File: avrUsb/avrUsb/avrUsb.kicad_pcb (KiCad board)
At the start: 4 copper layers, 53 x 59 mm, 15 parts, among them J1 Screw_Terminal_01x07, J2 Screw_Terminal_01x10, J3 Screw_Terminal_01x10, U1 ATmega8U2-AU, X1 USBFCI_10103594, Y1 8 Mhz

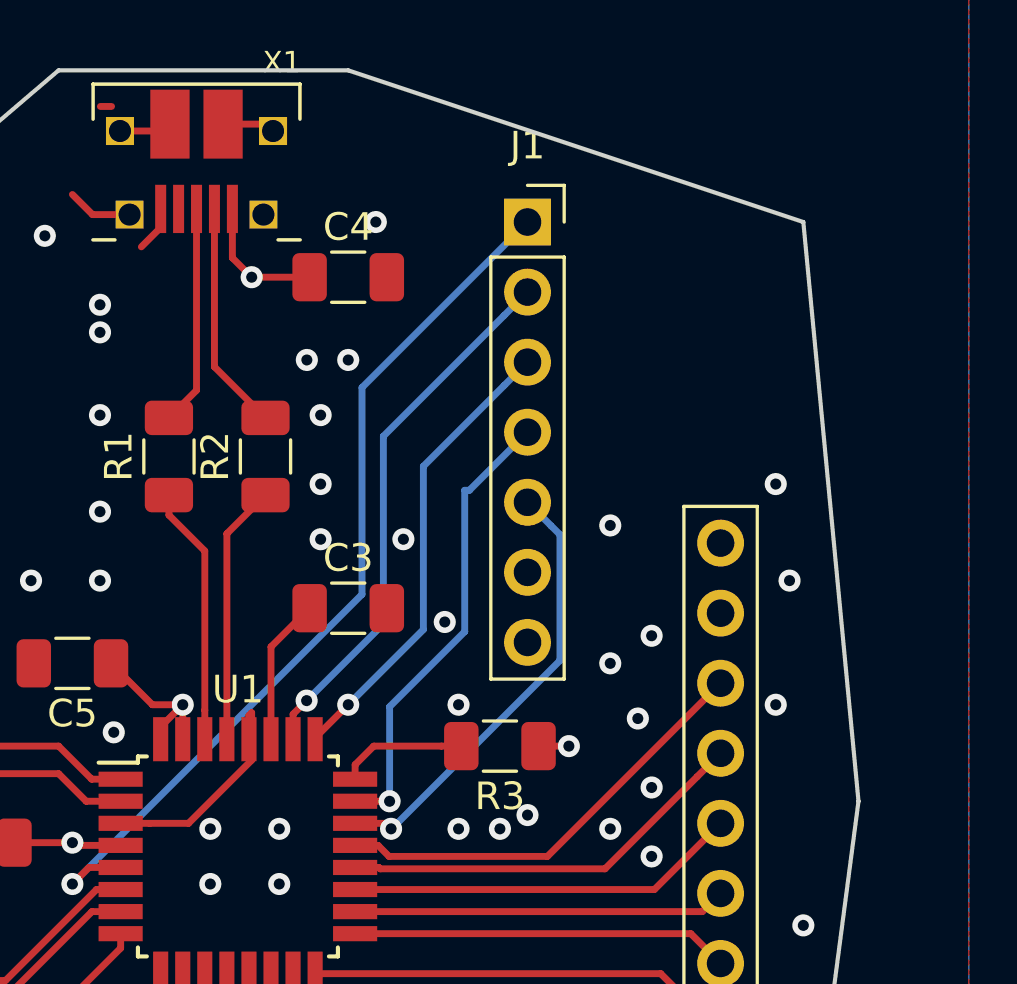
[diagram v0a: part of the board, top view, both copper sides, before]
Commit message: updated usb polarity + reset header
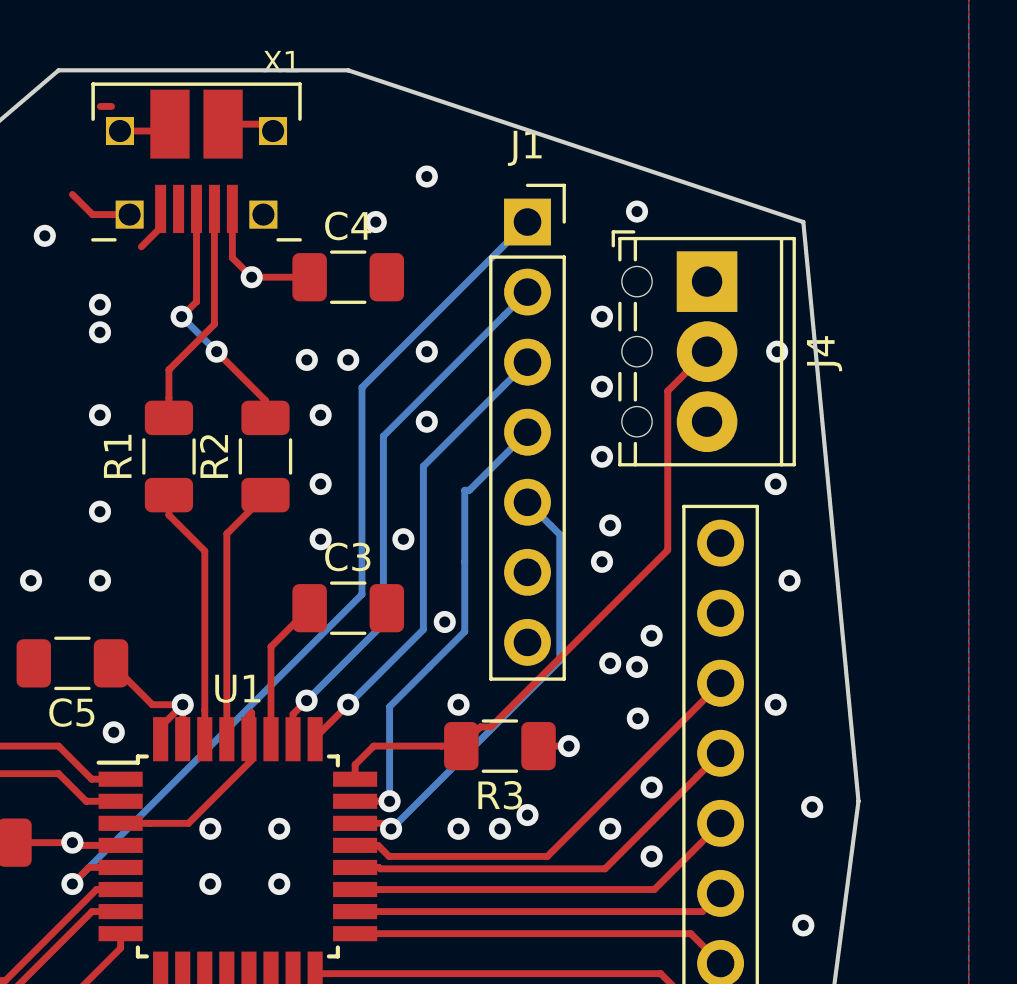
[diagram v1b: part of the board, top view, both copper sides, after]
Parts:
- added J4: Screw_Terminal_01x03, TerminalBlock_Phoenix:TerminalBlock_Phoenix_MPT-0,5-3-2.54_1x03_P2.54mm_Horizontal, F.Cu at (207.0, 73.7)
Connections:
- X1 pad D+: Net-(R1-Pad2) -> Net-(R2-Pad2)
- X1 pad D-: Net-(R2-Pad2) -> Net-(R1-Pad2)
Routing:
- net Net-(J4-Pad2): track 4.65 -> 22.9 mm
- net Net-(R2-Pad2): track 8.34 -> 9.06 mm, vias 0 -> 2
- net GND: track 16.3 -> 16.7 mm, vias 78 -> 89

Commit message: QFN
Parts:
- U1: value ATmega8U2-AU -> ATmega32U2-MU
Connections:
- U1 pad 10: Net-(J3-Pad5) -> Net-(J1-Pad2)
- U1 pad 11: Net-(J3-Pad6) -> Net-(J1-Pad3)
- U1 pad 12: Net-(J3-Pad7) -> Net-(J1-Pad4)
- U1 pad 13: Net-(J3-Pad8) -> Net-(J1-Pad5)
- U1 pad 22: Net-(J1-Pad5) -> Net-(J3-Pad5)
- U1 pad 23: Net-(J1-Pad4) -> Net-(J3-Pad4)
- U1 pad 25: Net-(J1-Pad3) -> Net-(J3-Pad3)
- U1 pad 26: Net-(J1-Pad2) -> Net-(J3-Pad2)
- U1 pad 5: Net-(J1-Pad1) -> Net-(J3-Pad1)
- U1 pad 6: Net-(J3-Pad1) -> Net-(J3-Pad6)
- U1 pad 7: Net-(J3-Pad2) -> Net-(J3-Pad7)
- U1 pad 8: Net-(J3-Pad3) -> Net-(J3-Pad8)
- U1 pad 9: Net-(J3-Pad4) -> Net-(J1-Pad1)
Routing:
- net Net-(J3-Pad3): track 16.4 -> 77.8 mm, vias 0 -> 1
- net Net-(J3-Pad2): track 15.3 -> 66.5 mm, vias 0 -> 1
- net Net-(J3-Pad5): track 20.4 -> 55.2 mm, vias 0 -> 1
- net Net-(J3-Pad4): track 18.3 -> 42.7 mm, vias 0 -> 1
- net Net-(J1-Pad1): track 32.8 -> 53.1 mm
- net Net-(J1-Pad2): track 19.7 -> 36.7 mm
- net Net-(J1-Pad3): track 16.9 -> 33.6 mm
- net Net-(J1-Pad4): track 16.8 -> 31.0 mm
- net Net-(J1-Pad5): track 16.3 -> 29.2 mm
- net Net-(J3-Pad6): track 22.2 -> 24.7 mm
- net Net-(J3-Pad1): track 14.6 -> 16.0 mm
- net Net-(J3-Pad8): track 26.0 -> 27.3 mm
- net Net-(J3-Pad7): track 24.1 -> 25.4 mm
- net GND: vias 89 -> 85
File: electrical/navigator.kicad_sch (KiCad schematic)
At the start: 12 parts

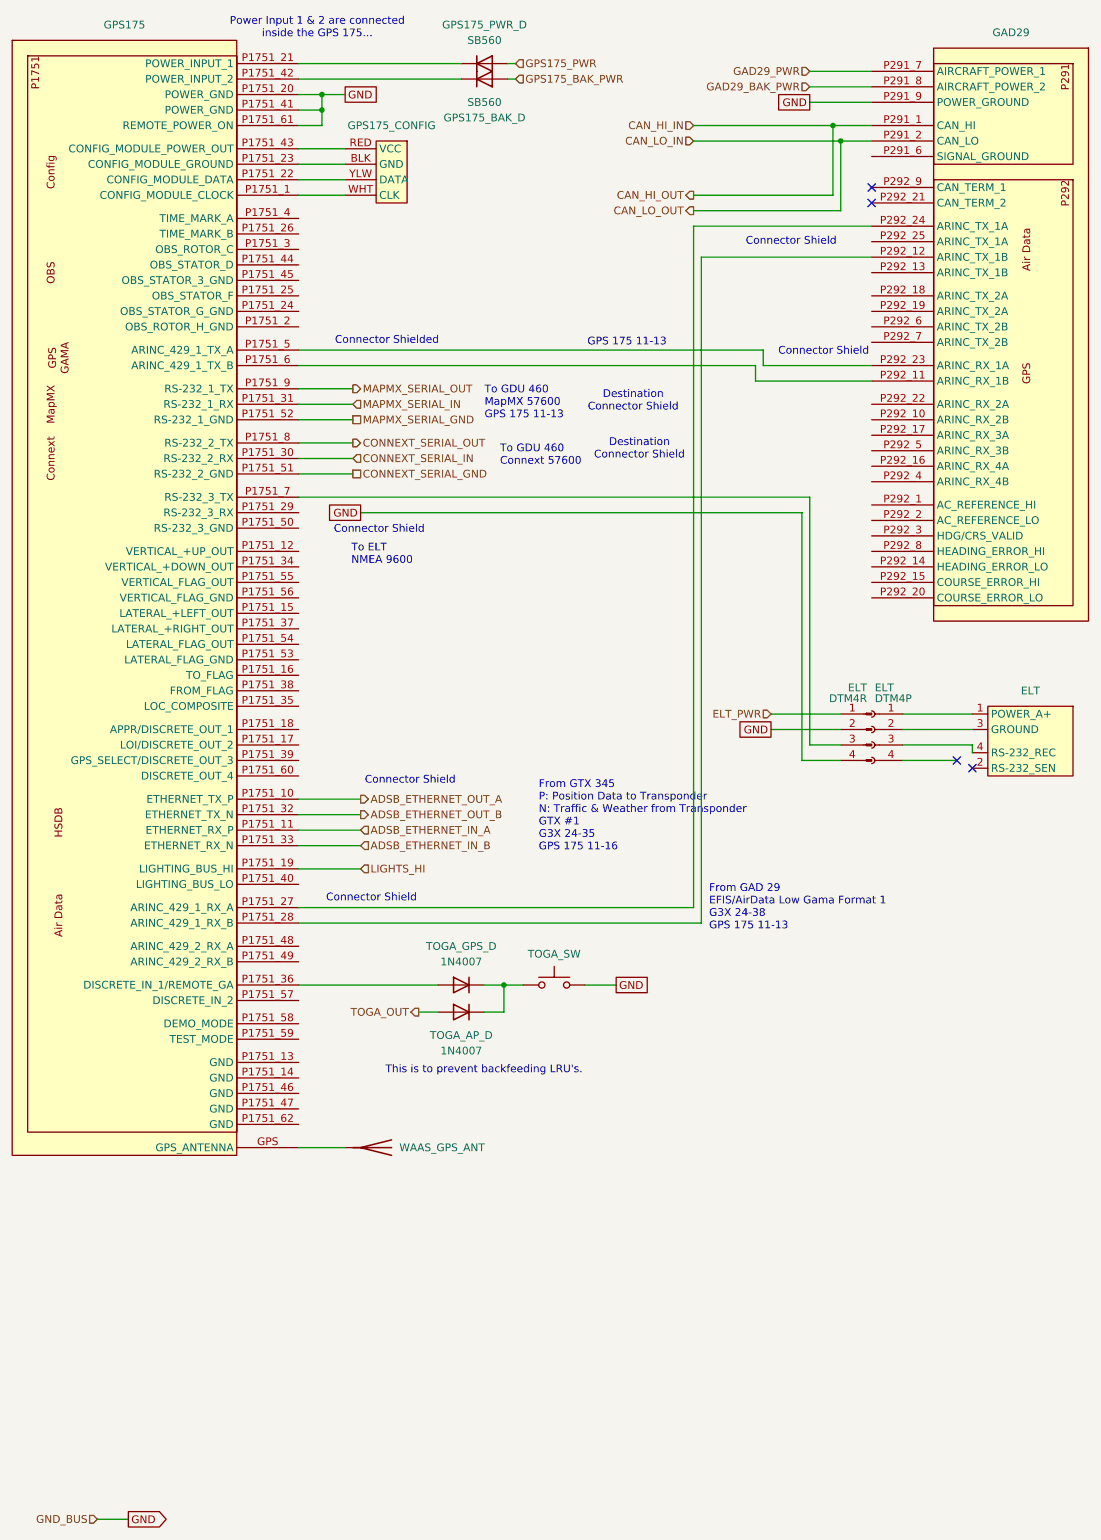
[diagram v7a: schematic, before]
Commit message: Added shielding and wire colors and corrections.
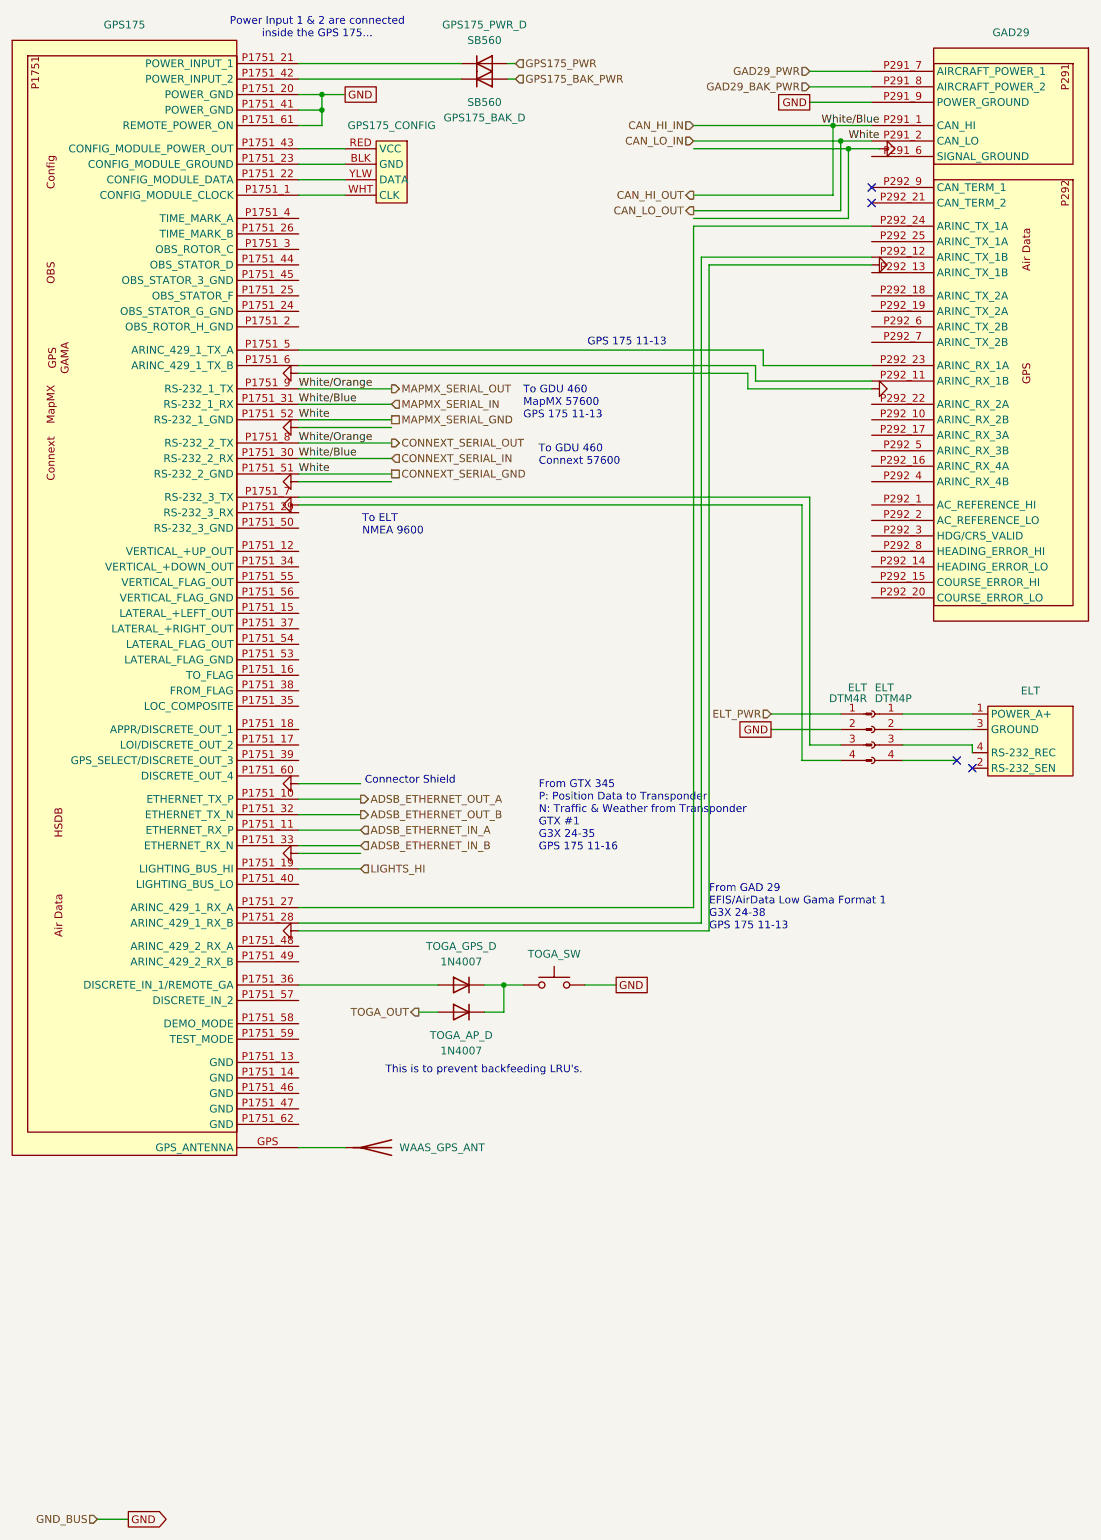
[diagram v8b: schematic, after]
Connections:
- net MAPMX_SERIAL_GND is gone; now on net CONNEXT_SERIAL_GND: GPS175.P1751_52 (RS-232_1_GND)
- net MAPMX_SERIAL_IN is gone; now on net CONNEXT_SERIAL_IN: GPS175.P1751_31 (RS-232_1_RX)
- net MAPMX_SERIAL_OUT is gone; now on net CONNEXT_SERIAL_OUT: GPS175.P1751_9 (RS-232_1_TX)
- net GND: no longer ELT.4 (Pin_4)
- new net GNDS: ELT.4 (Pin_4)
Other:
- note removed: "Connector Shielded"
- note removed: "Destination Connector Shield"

**What to produce**
Without the pictures, retype each line of the records above exactly.

**Response area**
File: avrUsb/avrUsb/avrUsb.kicad_pcb (KiCad board)
At the start: 4 copper layers, 53 x 59 mm, 15 parts, among them J1 Screw_Terminal_01x07, J2 Screw_Terminal_01x10, J3 Screw_Terminal_01x10, U1 ATmega8U2-AU, X1 USBFCI_10103594, Y1 8 Mhz

[diagram v0a: part of the board, top view, both copper sides, before]
Commit message: updated usb polarity + reset header
[diagram v1b: part of the board, top view, both copper sides, after]
Parts:
- added J4: Screw_Terminal_01x03, TerminalBlock_Phoenix:TerminalBlock_Phoenix_MPT-0,5-3-2.54_1x03_P2.54mm_Horizontal, F.Cu at (207.0, 73.7)
Connections:
- X1 pad D+: Net-(R1-Pad2) -> Net-(R2-Pad2)
- X1 pad D-: Net-(R2-Pad2) -> Net-(R1-Pad2)
Routing:
- net Net-(J4-Pad2): track 4.65 -> 22.9 mm
- net Net-(R2-Pad2): track 8.34 -> 9.06 mm, vias 0 -> 2
- net GND: track 16.3 -> 16.7 mm, vias 78 -> 89

Commit message: QFN
Parts:
- U1: value ATmega8U2-AU -> ATmega32U2-MU
Connections:
- U1 pad 10: Net-(J3-Pad5) -> Net-(J1-Pad2)
- U1 pad 11: Net-(J3-Pad6) -> Net-(J1-Pad3)
- U1 pad 12: Net-(J3-Pad7) -> Net-(J1-Pad4)
- U1 pad 13: Net-(J3-Pad8) -> Net-(J1-Pad5)
- U1 pad 22: Net-(J1-Pad5) -> Net-(J3-Pad5)
- U1 pad 23: Net-(J1-Pad4) -> Net-(J3-Pad4)
- U1 pad 25: Net-(J1-Pad3) -> Net-(J3-Pad3)
- U1 pad 26: Net-(J1-Pad2) -> Net-(J3-Pad2)
- U1 pad 5: Net-(J1-Pad1) -> Net-(J3-Pad1)
- U1 pad 6: Net-(J3-Pad1) -> Net-(J3-Pad6)
- U1 pad 7: Net-(J3-Pad2) -> Net-(J3-Pad7)
- U1 pad 8: Net-(J3-Pad3) -> Net-(J3-Pad8)
- U1 pad 9: Net-(J3-Pad4) -> Net-(J1-Pad1)
Routing:
- net Net-(J3-Pad3): track 16.4 -> 77.8 mm, vias 0 -> 1
- net Net-(J3-Pad2): track 15.3 -> 66.5 mm, vias 0 -> 1
- net Net-(J3-Pad5): track 20.4 -> 55.2 mm, vias 0 -> 1
- net Net-(J3-Pad4): track 18.3 -> 42.7 mm, vias 0 -> 1
- net Net-(J1-Pad1): track 32.8 -> 53.1 mm
- net Net-(J1-Pad2): track 19.7 -> 36.7 mm
- net Net-(J1-Pad3): track 16.9 -> 33.6 mm
- net Net-(J1-Pad4): track 16.8 -> 31.0 mm
- net Net-(J1-Pad5): track 16.3 -> 29.2 mm
- net Net-(J3-Pad6): track 22.2 -> 24.7 mm
- net Net-(J3-Pad1): track 14.6 -> 16.0 mm
- net Net-(J3-Pad8): track 26.0 -> 27.3 mm
- net Net-(J3-Pad7): track 24.1 -> 25.4 mm
- net GND: vias 89 -> 85
File: electrical/navigator.kicad_sch (KiCad schematic)
At the start: 12 parts

[diagram v7a: schematic, before]
Commit message: Added shielding and wire colors and corrections.
[diagram v8b: schematic, after]
Connections:
- net MAPMX_SERIAL_GND is gone; now on net CONNEXT_SERIAL_GND: GPS175.P1751_52 (RS-232_1_GND)
- net MAPMX_SERIAL_IN is gone; now on net CONNEXT_SERIAL_IN: GPS175.P1751_31 (RS-232_1_RX)
- net MAPMX_SERIAL_OUT is gone; now on net CONNEXT_SERIAL_OUT: GPS175.P1751_9 (RS-232_1_TX)
- net GND: no longer ELT.4 (Pin_4)
- new net GNDS: ELT.4 (Pin_4)
Other:
- note removed: "Connector Shielded"
- note removed: "Destination Connector Shield"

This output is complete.